Так выживет ли человечество? Вот один из тех занимательных вопросов,
дающих ему силы и желание жить. Правда, итоги сегодняшних наблюдений не
вселяли радужных надежд. И действительно, если все оставшиеся в живых
похожи на встреченных, стоит ли желать продолжения жизни такому
человечеству? Усаживаясь утром в машину, он был подобен Робинзону,
готовому со слезами радости разделить любое человеческое общество. К
вечеру он укрепился в мысли и решении, что лучше останется в одиночестве,
и продолжаться тому одиночеству столько, пока не встретит он истинно
родственное по духу существо, а не тех, кого предложил ему сегодняшний
день. Неряшливая женщина, пожалуй, единственная, кто, по крайней мере,
делает вид, что желает его, но в молчаливом приглашении скорее угадывалось
вероломство и смерть, чем искреннее желание близости. Ну хорошо, нашел бы
он оружие и из-за угла размозжил голову ее другу... Что бы он получил
взамен? Физическую близость, удовлетворение? Только от одной этой мысли
его начинало подташнивать. Что касается другой - той молоденькой девочки -
для знакомства с нею нужно иметь веревку и медвежий капкан. И как в
истории со стариком, скорее всего, она окажется сумасшедшей.
Да, пожалуй, Великая Драма не имела своей целью сохранить на Земле
лучших представителей человечества, а те, кто прошел "Страшный Суд",
остался и выжил, - не стали от этого лучше.
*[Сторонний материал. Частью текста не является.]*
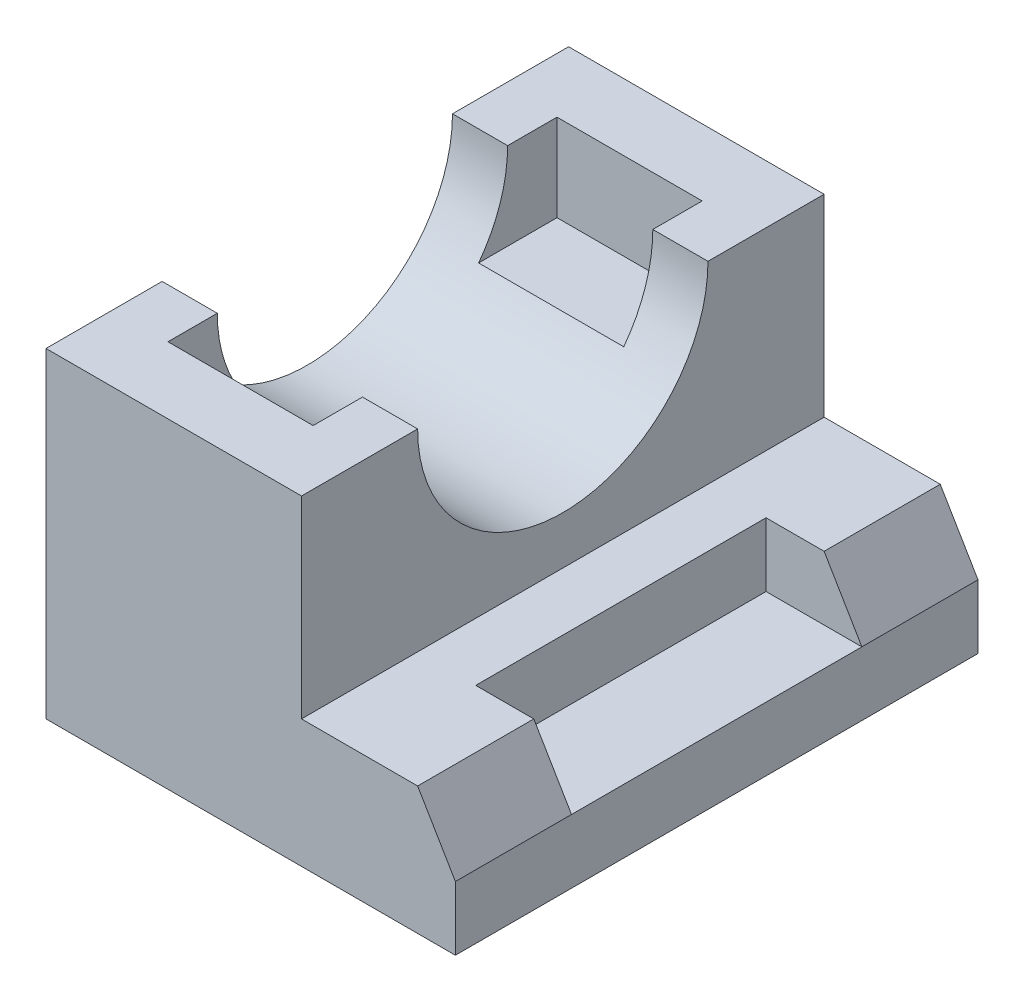
ISO-10303-21;
HEADER;
FILE_DESCRIPTION(('STEP AP214'),'2;1');
FILE_NAME('part.step','',(''),(''),'','','');
FILE_SCHEMA(('AUTOMOTIVE_DESIGN { 1 0 10303 214 1 1 1 1 }'));
ENDSEC;
DATA;
#1=APPLICATION_CONTEXT('core data for automotive mechanical design processes');
#2=APPLICATION_PROTOCOL_DEFINITION('international standard','automotive_design',2000,#1);
#3=PRODUCT_CONTEXT('',#1,'mechanical');
#4=PRODUCT('Part','Part','',(#3));
#5=PRODUCT_RELATED_PRODUCT_CATEGORY('part','',(#4));
#6=PRODUCT_DEFINITION_FORMATION('','',#4);
#7=PRODUCT_DEFINITION_CONTEXT('part definition',#1,'design');
#8=PRODUCT_DEFINITION('design','',#6,#7);
#9=PRODUCT_DEFINITION_SHAPE('','',#8);
#10=(LENGTH_UNIT() NAMED_UNIT(*) SI_UNIT(.MILLI.,.METRE.));
#11=(NAMED_UNIT(*) PLANE_ANGLE_UNIT() SI_UNIT($,.RADIAN.));
#12=(NAMED_UNIT(*) SI_UNIT($,.STERADIAN.) SOLID_ANGLE_UNIT());
#13=UNCERTAINTY_MEASURE_WITH_UNIT(LENGTH_MEASURE(1.E-05),#10,'distance_accuracy_value','');
#14=(GEOMETRIC_REPRESENTATION_CONTEXT(3) GLOBAL_UNCERTAINTY_ASSIGNED_CONTEXT((#13)) GLOBAL_UNIT_ASSIGNED_CONTEXT((#10,
#11,#12)) REPRESENTATION_CONTEXT('',''));
#15=CARTESIAN_POINT('',(0.,0.,0.));
#16=DIRECTION('',(0.,0.,1.));
#17=DIRECTION('',(1.,0.,0.));
#18=AXIS2_PLACEMENT_3D('',#15,#16,#17);
#19=CARTESIAN_POINT('',(-35.25,27.625,-90.));
#20=DIRECTION('',(0.,1.,0.));
#21=DIRECTION('',(0.,0.,1.));
#22=AXIS2_PLACEMENT_3D('',#19,#20,#21);
#23=PLANE('',#22);
#24=DIRECTION('',(1.,0.,0.));
#25=VECTOR('',#24,1.);
#26=CARTESIAN_POINT('',(-25.75,27.625,-11.5));
#27=LINE('',#26,#25);
#28=CARTESIAN_POINT('',(-25.75,27.625,-11.5));
#29=VERTEX_POINT('',#28);
#30=CARTESIAN_POINT('',(-0.750000000000004,27.625,-11.5));
#31=VERTEX_POINT('',#30);
#32=EDGE_CURVE('E227',#29,#31,#27,.T.);
#33=ORIENTED_EDGE('',*,*,#32,.F.);
#34=DIRECTION('',(0.,0.,-1.));
#35=VECTOR('',#34,1.);
#36=CARTESIAN_POINT('',(-25.75,27.625,-11.5));
#37=LINE('',#36,#35);
#38=CARTESIAN_POINT('',(-25.75,27.625,-20.));
#39=VERTEX_POINT('',#38);
#40=EDGE_CURVE('E235',#29,#39,#37,.T.);
#41=ORIENTED_EDGE('',*,*,#40,.T.);
#42=DIRECTION('',(1.,0.,0.));
#43=VECTOR('',#42,1.);
#44=CARTESIAN_POINT('',(-35.25,27.625,-20.));
#45=LINE('',#44,#43);
#46=CARTESIAN_POINT('',(-35.25,27.625,-20.));
#47=VERTEX_POINT('',#46);
#48=EDGE_CURVE('E256',#47,#39,#45,.T.);
#49=ORIENTED_EDGE('',*,*,#48,.F.);
#50=DIRECTION('',(0.,0.,1.));
#51=VECTOR('',#50,1.);
#52=CARTESIAN_POINT('',(-35.25,27.625,-90.));
#53=LINE('',#52,#51);
#54=CARTESIAN_POINT('',(-35.25,27.625,0.));
#55=VERTEX_POINT('',#54);
#56=EDGE_CURVE('E359',#47,#55,#53,.T.);
#57=ORIENTED_EDGE('',*,*,#56,.T.);
#58=DIRECTION('',(-1.,0.,0.));
#59=VECTOR('',#58,1.);
#60=CARTESIAN_POINT('',(-35.25,27.625,0.));
#61=LINE('',#60,#59);
#62=CARTESIAN_POINT('',(8.75,27.625,0.));
#63=VERTEX_POINT('',#62);
#64=EDGE_CURVE('E337',#63,#55,#61,.T.);
#65=ORIENTED_EDGE('',*,*,#64,.F.);
#66=DIRECTION('',(0.,0.,1.));
#67=VECTOR('',#66,1.);
#68=CARTESIAN_POINT('',(8.75,27.625,-90.));
#69=LINE('',#68,#67);
#70=CARTESIAN_POINT('',(8.74999999999999,27.625,-20.));
#71=VERTEX_POINT('',#70);
#72=EDGE_CURVE('E364',#71,#63,#69,.T.);
#73=ORIENTED_EDGE('',*,*,#72,.F.);
#74=CARTESIAN_POINT('',(-0.750000000000002,27.625,-20.));
#75=VERTEX_POINT('',#74);
#76=EDGE_CURVE('E255',#75,#71,#45,.T.);
#77=ORIENTED_EDGE('',*,*,#76,.F.);
#78=DIRECTION('',(0.,0.,-1.));
#79=VECTOR('',#78,1.);
#80=CARTESIAN_POINT('',(-0.750000000000004,27.625,-11.5));
#81=LINE('',#80,#79);
#82=EDGE_CURVE('E231',#31,#75,#81,.T.);
#83=ORIENTED_EDGE('',*,*,#82,.F.);
#84=EDGE_LOOP('',(#33,#41,#49,#57,#65,#73,#77,#83));
#85=FACE_BOUND('',#84,.T.);
#86=ADVANCED_FACE('F43',(#85),#23,.T.);
#87=DIRECTION('',(1.,0.,0.));
#88=VECTOR('',#87,1.);
#89=CARTESIAN_POINT('',(-25.75,27.625,-78.5));
#90=LINE('',#89,#88);
#91=CARTESIAN_POINT('',(-25.75,27.625,-78.5));
#92=VERTEX_POINT('',#91);
#93=CARTESIAN_POINT('',(-0.750000000000004,27.625,-78.5));
#94=VERTEX_POINT('',#93);
#95=EDGE_CURVE('E239',#92,#94,#90,.T.);
#96=ORIENTED_EDGE('',*,*,#95,.T.);
#97=DIRECTION('',(0.,0.,1.));
#98=VECTOR('',#97,1.);
#99=CARTESIAN_POINT('',(-0.750000000000004,27.625,-78.5));
#100=LINE('',#99,#98);
#101=CARTESIAN_POINT('',(-0.750000000000002,27.625,-70.));
#102=VERTEX_POINT('',#101);
#103=EDGE_CURVE('E209',#94,#102,#100,.T.);
#104=ORIENTED_EDGE('',*,*,#103,.T.);
#105=DIRECTION('',(1.,0.,0.));
#106=VECTOR('',#105,1.);
#107=CARTESIAN_POINT('',(-35.25,27.625,-70.));
#108=LINE('',#107,#106);
#109=CARTESIAN_POINT('',(8.75,27.625,-70.));
#110=VERTEX_POINT('',#109);
#111=EDGE_CURVE('E251',#110,#102,#108,.F.);
#112=ORIENTED_EDGE('',*,*,#111,.F.);
#113=CARTESIAN_POINT('',(8.75,27.625,-90.));
#114=VERTEX_POINT('',#113);
#115=EDGE_CURVE('E360',#114,#110,#69,.T.);
#116=ORIENTED_EDGE('',*,*,#115,.F.);
#117=DIRECTION('',(-1.,0.,0.));
#118=VECTOR('',#117,1.);
#119=CARTESIAN_POINT('',(-35.25,27.625,-90.));
#120=LINE('',#119,#118);
#121=CARTESIAN_POINT('',(-35.25,27.625,-90.));
#122=VERTEX_POINT('',#121);
#123=EDGE_CURVE('E309',#114,#122,#120,.T.);
#124=ORIENTED_EDGE('',*,*,#123,.T.);
#125=CARTESIAN_POINT('',(-35.25,27.625,-70.));
#126=VERTEX_POINT('',#125);
#127=EDGE_CURVE('E355',#122,#126,#53,.T.);
#128=ORIENTED_EDGE('',*,*,#127,.T.);
#129=CARTESIAN_POINT('',(-25.75,27.625,-70.));
#130=VERTEX_POINT('',#129);
#131=EDGE_CURVE('E249',#130,#126,#108,.F.);
#132=ORIENTED_EDGE('',*,*,#131,.F.);
#133=DIRECTION('',(0.,0.,1.));
#134=VECTOR('',#133,1.);
#135=CARTESIAN_POINT('',(-25.75,27.625,-78.5));
#136=LINE('',#135,#134);
#137=EDGE_CURVE('E205',#92,#130,#136,.T.);
#138=ORIENTED_EDGE('',*,*,#137,.F.);
#139=EDGE_LOOP('',(#96,#104,#112,#116,#124,#128,#132,#138));
#140=FACE_BOUND('',#139,.T.);
#141=ADVANCED_FACE('F404',(#140),#23,.T.);
#142=CARTESIAN_POINT('',(-35.25,27.625,-45.));
#143=DIRECTION('',(1.,0.,0.));
#144=DIRECTION('',(0.,1.,0.));
#145=AXIS2_PLACEMENT_3D('',#142,#143,#144);
#146=CYLINDRICAL_SURFACE('',#145,25.);
#147=CARTESIAN_POINT('',(-0.749999999999994,27.625,-45.));
#148=DIRECTION('',(-1.,0.,0.));
#149=DIRECTION('',(0.,0.,1.));
#150=AXIS2_PLACEMENT_3D('',#147,#148,#149);
#151=CIRCLE('',#150,25.);
#152=CARTESIAN_POINT('',(-0.750000000000001,12.625,-65.));
#153=VERTEX_POINT('',#152);
#154=EDGE_CURVE('E11',#153,#102,#151,.F.);
#155=ORIENTED_EDGE('',*,*,#154,.F.);
#156=DIRECTION('',(1.,0.,0.));
#157=VECTOR('',#156,1.);
#158=CARTESIAN_POINT('',(-35.25,12.625,-65.));
#159=LINE('',#158,#157);
#160=CARTESIAN_POINT('',(-25.75,12.625,-65.));
#161=VERTEX_POINT('',#160);
#162=EDGE_CURVE('E191',#153,#161,#159,.F.);
#163=ORIENTED_EDGE('',*,*,#162,.T.);
#164=CARTESIAN_POINT('',(-25.75,27.625,-45.));
#165=DIRECTION('',(-1.,0.,0.));
#166=DIRECTION('',(0.,0.,1.));
#167=AXIS2_PLACEMENT_3D('',#164,#165,#166);
#168=CIRCLE('',#167,25.);
#169=EDGE_CURVE('E52',#161,#130,#168,.F.);
#170=ORIENTED_EDGE('',*,*,#169,.T.);
#171=ORIENTED_EDGE('',*,*,#131,.T.);
#172=CARTESIAN_POINT('',(-35.25,27.625,-45.));
#173=DIRECTION('',(1.,0.,0.));
#174=DIRECTION('',(0.,1.,0.));
#175=AXIS2_PLACEMENT_3D('',#172,#173,#174);
#176=CIRCLE('',#175,25.);
#177=EDGE_CURVE('E215',#47,#126,#176,.T.);
#178=ORIENTED_EDGE('',*,*,#177,.F.);
#179=ORIENTED_EDGE('',*,*,#48,.T.);
#180=CARTESIAN_POINT('',(-25.75,27.625,-45.));
#181=DIRECTION('',(1.,0.,0.));
#182=DIRECTION('',(0.,0.,-1.));
#183=AXIS2_PLACEMENT_3D('',#180,#181,#182);
#184=CIRCLE('',#183,25.);
#185=CARTESIAN_POINT('',(-25.75,12.625,-25.));
#186=VERTEX_POINT('',#185);
#187=EDGE_CURVE('E392',#186,#39,#184,.F.);
#188=ORIENTED_EDGE('',*,*,#187,.F.);
#189=DIRECTION('',(1.,0.,0.));
#190=VECTOR('',#189,1.);
#191=CARTESIAN_POINT('',(-35.25,12.625,-25.));
#192=LINE('',#191,#190);
#193=CARTESIAN_POINT('',(-0.750000000000001,12.625,-25.));
#194=VERTEX_POINT('',#193);
#195=EDGE_CURVE('E384',#186,#194,#192,.T.);
#196=ORIENTED_EDGE('',*,*,#195,.T.);
#197=CARTESIAN_POINT('',(-0.749999999999994,27.625,-45.));
#198=DIRECTION('',(1.,0.,0.));
#199=DIRECTION('',(0.,0.,-1.));
#200=AXIS2_PLACEMENT_3D('',#197,#198,#199);
#201=CIRCLE('',#200,25.);
#202=EDGE_CURVE('E388',#194,#75,#201,.F.);
#203=ORIENTED_EDGE('',*,*,#202,.T.);
#204=ORIENTED_EDGE('',*,*,#76,.T.);
#205=CARTESIAN_POINT('',(8.75,27.625,-45.));
#206=DIRECTION('',(1.,0.,0.));
#207=DIRECTION('',(0.,1.,0.));
#208=AXIS2_PLACEMENT_3D('',#205,#206,#207);
#209=CIRCLE('',#208,25.);
#210=EDGE_CURVE('E211',#71,#110,#209,.T.);
#211=ORIENTED_EDGE('',*,*,#210,.T.);
#212=ORIENTED_EDGE('',*,*,#111,.T.);
#213=EDGE_LOOP('',(#155,#163,#170,#171,#178,#179,#188,#196,#203,#204,#211,#212));
#214=FACE_BOUND('',#213,.T.);
#215=ADVANCED_FACE('F400',(#214),#146,.F.);
#216=CARTESIAN_POINT('',(8.75,-5.625,-90.));
#217=DIRECTION('',(0.,1.,0.));
#218=DIRECTION('',(-1.,0.,0.));
#219=AXIS2_PLACEMENT_3D('',#216,#217,#218);
#220=PLANE('',#219);
#221=DIRECTION('',(0.,0.,1.));
#222=VECTOR('',#221,1.);
#223=CARTESIAN_POINT('',(18.75,-5.625,-70.));
#224=LINE('',#223,#222);
#225=CARTESIAN_POINT('',(18.75,-5.625,-70.));
#226=VERTEX_POINT('',#225);
#227=CARTESIAN_POINT('',(18.75,-5.625,-20.));
#228=VERTEX_POINT('',#227);
#229=EDGE_CURVE('E260',#226,#228,#224,.T.);
#230=ORIENTED_EDGE('',*,*,#229,.F.);
#231=DIRECTION('',(1.,0.,0.));
#232=VECTOR('',#231,1.);
#233=CARTESIAN_POINT('',(18.75,-5.625,-70.));
#234=LINE('',#233,#232);
#235=CARTESIAN_POINT('',(28.75,-5.625,-70.));
#236=VERTEX_POINT('',#235);
#237=EDGE_CURVE('E266',#226,#236,#234,.T.);
#238=ORIENTED_EDGE('',*,*,#237,.T.);
#239=DIRECTION('',(0.,0.,1.));
#240=VECTOR('',#239,1.);
#241=CARTESIAN_POINT('',(28.75,-5.625,-90.));
#242=LINE('',#241,#240);
#243=CARTESIAN_POINT('',(28.75,-5.625,-90.));
#244=VERTEX_POINT('',#243);
#245=EDGE_CURVE('E368',#244,#236,#242,.T.);
#246=ORIENTED_EDGE('',*,*,#245,.F.);
#247=DIRECTION('',(-1.,0.,0.));
#248=VECTOR('',#247,1.);
#249=CARTESIAN_POINT('',(8.75,-5.625,-90.));
#250=LINE('',#249,#248);
#251=CARTESIAN_POINT('',(8.75,-5.625,-90.));
#252=VERTEX_POINT('',#251);
#253=EDGE_CURVE('E301',#244,#252,#250,.T.);
#254=ORIENTED_EDGE('',*,*,#253,.T.);
#255=DIRECTION('',(0.,0.,1.));
#256=VECTOR('',#255,1.);
#257=CARTESIAN_POINT('',(8.75,-5.625,-90.));
#258=LINE('',#257,#256);
#259=CARTESIAN_POINT('',(8.75,-5.625,0.));
#260=VERTEX_POINT('',#259);
#261=EDGE_CURVE('E365',#252,#260,#258,.T.);
#262=ORIENTED_EDGE('',*,*,#261,.T.);
#263=DIRECTION('',(-1.,0.,0.));
#264=VECTOR('',#263,1.);
#265=CARTESIAN_POINT('',(8.75,-5.625,0.));
#266=LINE('',#265,#264);
#267=CARTESIAN_POINT('',(28.75,-5.625,0.));
#268=VERTEX_POINT('',#267);
#269=EDGE_CURVE('E329',#268,#260,#266,.T.);
#270=ORIENTED_EDGE('',*,*,#269,.F.);
#271=CARTESIAN_POINT('',(28.75,-5.625,-20.));
#272=VERTEX_POINT('',#271);
#273=EDGE_CURVE('E372',#272,#268,#242,.T.);
#274=ORIENTED_EDGE('',*,*,#273,.F.);
#275=DIRECTION('',(1.,0.,0.));
#276=VECTOR('',#275,1.);
#277=CARTESIAN_POINT('',(28.75,-5.625,-20.));
#278=LINE('',#277,#276);
#279=EDGE_CURVE('E280',#228,#272,#278,.T.);
#280=ORIENTED_EDGE('',*,*,#279,.F.);
#281=EDGE_LOOP('',(#230,#238,#246,#254,#262,#270,#274,#280));
#282=FACE_BOUND('',#281,.T.);
#283=ADVANCED_FACE('F450',(#282),#220,.T.);
#284=CARTESIAN_POINT('',(28.75,-5.625,-90.));
#285=DIRECTION('',(0.860926528214316,0.50872931212664,0.));
#286=DIRECTION('',(-0.50872931212664,0.860926528214316,0.));
#287=AXIS2_PLACEMENT_3D('',#284,#285,#286);
#288=PLANE('',#287);
#289=ORIENTED_EDGE('',*,*,#245,.T.);
#290=DIRECTION('',(0.50872931212664,-0.860926528214316,0.));
#291=VECTOR('',#290,1.);
#292=CARTESIAN_POINT('',(28.75,-5.625,-70.));
#293=LINE('',#292,#291);
#294=CARTESIAN_POINT('',(35.25,-16.625,-70.));
#295=VERTEX_POINT('',#294);
#296=EDGE_CURVE('E380',#236,#295,#293,.T.);
#297=ORIENTED_EDGE('',*,*,#296,.T.);
#298=DIRECTION('',(0.,0.,1.));
#299=VECTOR('',#298,1.);
#300=CARTESIAN_POINT('',(35.25,-16.625,-90.));
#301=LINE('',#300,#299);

Он приготовил еду и поел, без интереса, вяло ковыряясь вилкой в
тарелке. После чего попробовал читать, но слова имели столько же аромата и
прелести, сколько и его пища. Он отложил книгу и снова думал о мистере
Барлоу и других. В зависимости от характеров, в той или иной степени, но
все встреченные им, постепенно теряя нравственные начала, разваливались
как личности. А кто скажет, сохранил ли он разум? Испытал ли он и страдает
ли он от душевного потрясения? В поисках успокоительного решения
отстранение и методично исследовал Иш возможные изменения своего
собственного "Я".
Через некоторое время, взяв в руки карандаш, решил записать, почему и
благодаря каким достоинствам в состоянии он продолжать жить и даже
испытывать радость от этой жизни, в то время как множество других будут
лишены этого элементарного человеческого права.
Без колебаний, решительно вывел первый довод:
1. Есть желание жить. Хочу увидеть, что произойдет с миром в отсутствие
человека. Географ.
А после некоторого раздумья приписал еще несколько строчек:
2. Всегда предпочитал одиночество. Не испытываю необходимости в общении
с другими людьми.
3. Вырезан аппендицит.
4. Относительно практичен, но не педант. Люблю путешествовать; могу
жить без городских удобств.
5. Не испытал всех ужасов катастрофы, не видел, как умирали близкие.
Поэтому избежал самого страшного из всех потрясений.